I hate crying in the morning, which is why I kept pressing the snooze screen this morning. About an hour before my alarm was set to go off I woke up needing to use the bathroom. When I came back I checked my phone and saw the New York Times update: David Bowie had died.
Denial kicked in immediately. No. I’m imagining this. I’m sleepwalking and dreaming at the same time. When my alarm went off I didn’t have to look at the screen to know that it was no dream.
I became a fan of David Bowie, like a lot of other people, when he became a mega-star thanks to MTV and his early-80s persona. Then I discovered boy bands and Bowie too weird for me. It wasn’t until college when I discovered his music for myself. I was heavily infatuated with the senior who worked at my dorm’s front desk and we talked all the time about music. His favorite band was The Smashing Pumpkins and one night we talked about the people who influenced Billy Corgan. When I learned that Bowie was one of those influences I went out the next day and bought his singles collection.
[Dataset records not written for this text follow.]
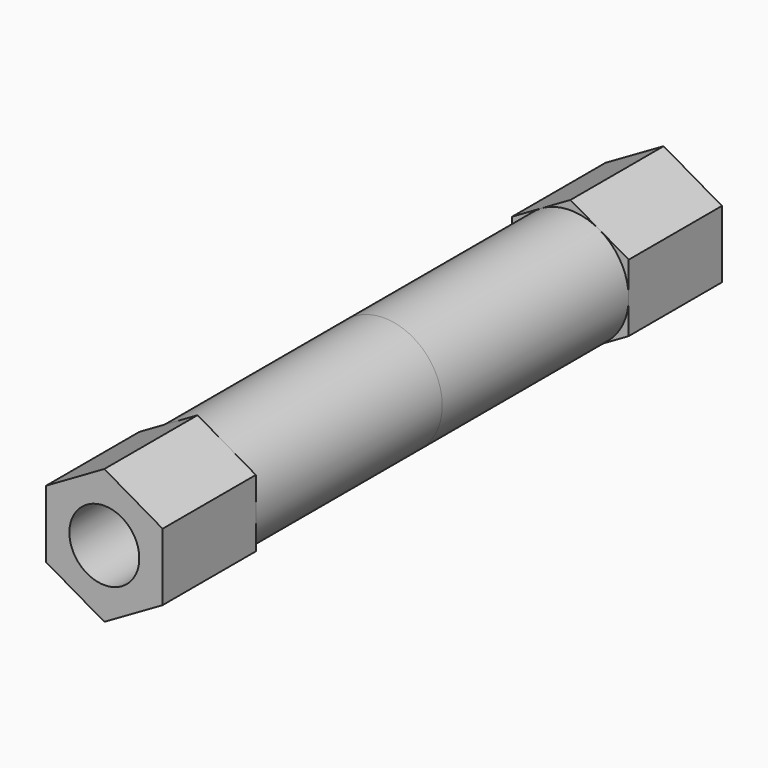
from build123d import *

# Parameters (mm, degrees)
F1_R     = 2.5
F2_DEPTH = 10
F4_DEPTH = 5
F5_D     = 3


# Not quite as in the source:
# - a feature names something its author has since deleted; it is built from what else it names


with BuildPart() as f2:
    # F1 (on Front) → F2 (new body)
    with BuildSketch(Plane.XZ):
        Circle(F1_R)
    extrude(amount=F2_DEPTH)

    # F3 (on face) → F4 (join)
    with BuildSketch(Plane.XZ.offset(10)):
        Polygon((-2.5, 1.443375673), (-2.5, -1.443375673), (0, -2.8867513459), (2.5, -1.443375673), (2.5, 1.443375673), (0, 2.8867513459), align=None)
    extrude(amount=F4_DEPTH)

    # F5 (through all)
    with Locations(Plane(origin=(0, 0, 0), x_dir=(1, 0, 0), z_dir=(0, 1, 0))):
        with Locations((0, 0)):
            Hole(F5_D / 2)

    # F6: F2 across face


with BuildPart() as f2_1:
    add(f2.part)
    add(f2.part.mirror(Plane.XZ))


solid = f2_1.part

Something interested started to happen when I began listening to Bowie – I began to figure out who I was. This may not sound groundbreaking, but I was pretty lost at the time. I had just moved away from home where I felt constant pressure from my family to conform – to be normal. I was eighteen, desperately wanting new friends, and being told I was trying too hard to fit in. The only thing keeping me from drowning in my undiagnosed clinical depression was music. And David Bowie was the voice telling me that weird was wonderful.
That message meant a lot to me then. His music and his life inspired me to begin figuring out who I was. I had the courage to be different because of him; like the year of college where I only wore the color blue. Maybe I was deluded, but I can say that I know myself better because I had the courage to try.
In the last few years, as the fear of aging has become my new hobgoblin, I chase it away with David Bowie. He was the coolest till the end. I hope I can be, too.